WORK TO COMPLETE –
Reproduce only what lies between the first line of the material below and the line containing "J1: Conn_01x02; SolderWire-0.5sqmm_1x02_P4.6mm_D0.9mm_OD2.1mm", with both of those lines included and every line kept exact.

-- -- --

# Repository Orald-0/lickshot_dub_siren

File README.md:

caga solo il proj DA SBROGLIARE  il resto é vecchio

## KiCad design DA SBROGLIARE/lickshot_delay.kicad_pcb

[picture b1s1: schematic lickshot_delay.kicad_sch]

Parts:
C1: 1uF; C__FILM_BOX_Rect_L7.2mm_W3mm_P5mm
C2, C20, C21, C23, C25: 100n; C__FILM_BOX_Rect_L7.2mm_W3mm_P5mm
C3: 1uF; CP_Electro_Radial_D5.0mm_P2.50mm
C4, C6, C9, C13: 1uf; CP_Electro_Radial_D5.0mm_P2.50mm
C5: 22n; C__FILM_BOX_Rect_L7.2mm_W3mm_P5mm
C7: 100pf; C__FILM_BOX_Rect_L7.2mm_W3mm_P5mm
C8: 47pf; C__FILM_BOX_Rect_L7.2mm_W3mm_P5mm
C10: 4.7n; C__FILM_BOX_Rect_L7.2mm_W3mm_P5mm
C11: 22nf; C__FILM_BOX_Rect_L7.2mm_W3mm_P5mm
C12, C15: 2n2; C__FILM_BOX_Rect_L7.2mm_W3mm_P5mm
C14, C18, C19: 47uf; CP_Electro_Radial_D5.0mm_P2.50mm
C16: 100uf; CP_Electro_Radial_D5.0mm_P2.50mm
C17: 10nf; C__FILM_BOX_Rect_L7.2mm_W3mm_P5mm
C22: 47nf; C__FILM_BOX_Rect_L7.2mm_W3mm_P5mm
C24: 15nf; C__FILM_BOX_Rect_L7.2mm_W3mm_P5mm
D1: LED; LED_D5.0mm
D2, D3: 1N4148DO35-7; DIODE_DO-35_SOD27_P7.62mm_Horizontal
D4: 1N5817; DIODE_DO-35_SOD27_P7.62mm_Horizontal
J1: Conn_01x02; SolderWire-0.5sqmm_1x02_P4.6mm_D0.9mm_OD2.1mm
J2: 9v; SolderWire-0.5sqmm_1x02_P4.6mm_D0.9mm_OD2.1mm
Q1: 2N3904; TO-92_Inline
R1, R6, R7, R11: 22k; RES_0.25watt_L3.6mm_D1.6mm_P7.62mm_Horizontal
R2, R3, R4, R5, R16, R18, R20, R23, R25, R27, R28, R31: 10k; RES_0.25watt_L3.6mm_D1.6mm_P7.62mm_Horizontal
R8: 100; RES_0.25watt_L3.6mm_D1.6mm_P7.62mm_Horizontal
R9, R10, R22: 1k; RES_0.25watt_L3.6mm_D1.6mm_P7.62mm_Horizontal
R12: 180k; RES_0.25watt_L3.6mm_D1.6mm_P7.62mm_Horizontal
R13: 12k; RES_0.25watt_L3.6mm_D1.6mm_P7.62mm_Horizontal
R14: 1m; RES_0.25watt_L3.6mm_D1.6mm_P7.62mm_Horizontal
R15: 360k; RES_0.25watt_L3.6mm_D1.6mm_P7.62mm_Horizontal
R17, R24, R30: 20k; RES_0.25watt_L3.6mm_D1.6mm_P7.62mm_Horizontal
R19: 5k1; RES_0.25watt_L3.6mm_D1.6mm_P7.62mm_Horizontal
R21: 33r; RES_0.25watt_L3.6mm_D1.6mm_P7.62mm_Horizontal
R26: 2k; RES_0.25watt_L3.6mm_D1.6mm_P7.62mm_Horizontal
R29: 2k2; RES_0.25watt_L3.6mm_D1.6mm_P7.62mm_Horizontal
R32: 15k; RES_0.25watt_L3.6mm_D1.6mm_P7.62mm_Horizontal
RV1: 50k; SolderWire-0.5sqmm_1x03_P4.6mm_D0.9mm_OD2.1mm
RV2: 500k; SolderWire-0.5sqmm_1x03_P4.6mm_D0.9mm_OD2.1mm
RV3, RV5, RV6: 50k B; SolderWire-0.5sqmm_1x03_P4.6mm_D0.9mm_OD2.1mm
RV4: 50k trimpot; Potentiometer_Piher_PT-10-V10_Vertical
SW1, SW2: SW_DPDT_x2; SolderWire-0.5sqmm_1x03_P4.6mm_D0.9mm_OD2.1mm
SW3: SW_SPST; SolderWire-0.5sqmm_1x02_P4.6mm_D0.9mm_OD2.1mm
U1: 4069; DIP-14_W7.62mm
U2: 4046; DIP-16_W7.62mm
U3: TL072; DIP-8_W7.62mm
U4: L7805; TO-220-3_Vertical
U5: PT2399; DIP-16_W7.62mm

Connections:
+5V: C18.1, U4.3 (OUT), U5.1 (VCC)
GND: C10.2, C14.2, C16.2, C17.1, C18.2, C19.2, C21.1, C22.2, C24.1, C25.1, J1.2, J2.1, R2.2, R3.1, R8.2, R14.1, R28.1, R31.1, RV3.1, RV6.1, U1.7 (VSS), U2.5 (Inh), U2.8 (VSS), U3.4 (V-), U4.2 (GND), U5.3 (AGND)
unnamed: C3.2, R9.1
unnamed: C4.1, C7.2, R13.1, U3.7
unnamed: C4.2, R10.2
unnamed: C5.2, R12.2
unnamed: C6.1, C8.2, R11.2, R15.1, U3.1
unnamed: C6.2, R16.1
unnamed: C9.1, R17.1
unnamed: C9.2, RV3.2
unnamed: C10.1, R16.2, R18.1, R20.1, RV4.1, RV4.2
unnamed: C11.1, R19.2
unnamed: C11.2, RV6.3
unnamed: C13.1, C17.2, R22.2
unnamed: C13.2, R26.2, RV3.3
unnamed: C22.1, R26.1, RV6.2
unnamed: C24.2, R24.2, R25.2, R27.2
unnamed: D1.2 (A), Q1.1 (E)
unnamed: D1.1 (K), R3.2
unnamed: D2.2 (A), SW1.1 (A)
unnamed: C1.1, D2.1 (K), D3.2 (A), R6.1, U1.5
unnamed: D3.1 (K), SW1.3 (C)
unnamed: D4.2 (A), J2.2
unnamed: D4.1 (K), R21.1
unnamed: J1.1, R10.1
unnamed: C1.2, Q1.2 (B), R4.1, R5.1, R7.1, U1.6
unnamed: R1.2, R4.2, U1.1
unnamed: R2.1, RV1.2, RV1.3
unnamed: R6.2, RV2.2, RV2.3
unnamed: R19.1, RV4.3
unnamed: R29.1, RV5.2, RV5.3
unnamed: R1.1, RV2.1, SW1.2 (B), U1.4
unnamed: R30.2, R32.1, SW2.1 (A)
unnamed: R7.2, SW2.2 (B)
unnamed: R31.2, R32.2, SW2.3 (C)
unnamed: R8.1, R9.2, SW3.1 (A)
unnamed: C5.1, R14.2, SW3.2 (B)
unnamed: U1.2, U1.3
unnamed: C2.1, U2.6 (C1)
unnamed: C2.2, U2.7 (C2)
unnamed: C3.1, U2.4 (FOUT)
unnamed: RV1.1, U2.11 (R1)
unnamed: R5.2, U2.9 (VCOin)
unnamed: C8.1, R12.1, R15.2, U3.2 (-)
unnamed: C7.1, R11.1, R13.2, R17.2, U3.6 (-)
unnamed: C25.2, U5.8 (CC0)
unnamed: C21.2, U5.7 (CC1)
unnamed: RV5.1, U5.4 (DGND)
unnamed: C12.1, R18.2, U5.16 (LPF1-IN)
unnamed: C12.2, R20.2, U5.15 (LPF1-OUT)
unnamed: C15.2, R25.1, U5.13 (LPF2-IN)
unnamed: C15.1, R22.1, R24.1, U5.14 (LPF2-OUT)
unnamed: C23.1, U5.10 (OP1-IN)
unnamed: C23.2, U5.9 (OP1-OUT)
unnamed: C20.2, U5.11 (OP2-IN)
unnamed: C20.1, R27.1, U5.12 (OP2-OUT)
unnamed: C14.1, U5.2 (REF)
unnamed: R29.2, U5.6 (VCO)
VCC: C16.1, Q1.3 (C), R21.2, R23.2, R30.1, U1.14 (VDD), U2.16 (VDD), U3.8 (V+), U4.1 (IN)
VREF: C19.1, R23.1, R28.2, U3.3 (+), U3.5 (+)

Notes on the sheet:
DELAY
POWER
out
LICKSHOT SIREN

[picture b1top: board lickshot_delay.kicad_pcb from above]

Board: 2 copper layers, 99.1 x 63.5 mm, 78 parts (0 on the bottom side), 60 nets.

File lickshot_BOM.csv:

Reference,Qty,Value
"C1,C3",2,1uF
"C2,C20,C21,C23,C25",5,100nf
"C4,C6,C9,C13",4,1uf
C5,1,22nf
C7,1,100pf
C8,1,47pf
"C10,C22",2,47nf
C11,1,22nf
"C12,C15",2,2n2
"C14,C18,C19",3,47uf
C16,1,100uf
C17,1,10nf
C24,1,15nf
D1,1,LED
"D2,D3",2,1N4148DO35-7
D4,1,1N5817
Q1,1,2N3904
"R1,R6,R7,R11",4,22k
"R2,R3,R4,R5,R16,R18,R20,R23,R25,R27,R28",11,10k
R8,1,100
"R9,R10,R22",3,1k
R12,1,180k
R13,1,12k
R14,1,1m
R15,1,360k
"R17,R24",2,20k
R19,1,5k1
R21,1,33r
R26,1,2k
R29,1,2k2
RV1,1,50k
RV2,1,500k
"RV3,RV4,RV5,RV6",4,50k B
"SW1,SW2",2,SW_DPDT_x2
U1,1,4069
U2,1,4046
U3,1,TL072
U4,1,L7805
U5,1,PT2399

-- -- --

TASK SOLUTION –
# Repository Orald-0/lickshot_dub_siren

File README.md:

caga solo il proj DA SBROGLIARE  il resto é vecchio

## KiCad design DA SBROGLIARE/lickshot_delay.kicad_pcb

[picture b1s1: schematic lickshot_delay.kicad_sch]

Parts:
C1: 1uF; C__FILM_BOX_Rect_L7.2mm_W3mm_P5mm
C2, C20, C21, C23, C25: 100n; C__FILM_BOX_Rect_L7.2mm_W3mm_P5mm
C3: 1uF; CP_Electro_Radial_D5.0mm_P2.50mm
C4, C6, C9, C13: 1uf; CP_Electro_Radial_D5.0mm_P2.50mm
C5: 22n; C__FILM_BOX_Rect_L7.2mm_W3mm_P5mm
C7: 100pf; C__FILM_BOX_Rect_L7.2mm_W3mm_P5mm
C8: 47pf; C__FILM_BOX_Rect_L7.2mm_W3mm_P5mm
C10: 4.7n; C__FILM_BOX_Rect_L7.2mm_W3mm_P5mm
C11: 22nf; C__FILM_BOX_Rect_L7.2mm_W3mm_P5mm
C12, C15: 2n2; C__FILM_BOX_Rect_L7.2mm_W3mm_P5mm
C14, C18, C19: 47uf; CP_Electro_Radial_D5.0mm_P2.50mm
C16: 100uf; CP_Electro_Radial_D5.0mm_P2.50mm
C17: 10nf; C__FILM_BOX_Rect_L7.2mm_W3mm_P5mm
C22: 47nf; C__FILM_BOX_Rect_L7.2mm_W3mm_P5mm
C24: 15nf; C__FILM_BOX_Rect_L7.2mm_W3mm_P5mm
D1: LED; LED_D5.0mm
D2, D3: 1N4148DO35-7; DIODE_DO-35_SOD27_P7.62mm_Horizontal
D4: 1N5817; DIODE_DO-35_SOD27_P7.62mm_Horizontal
J1: Conn_01x02; SolderWire-0.5sqmm_1x02_P4.6mm_D0.9mm_OD2.1mm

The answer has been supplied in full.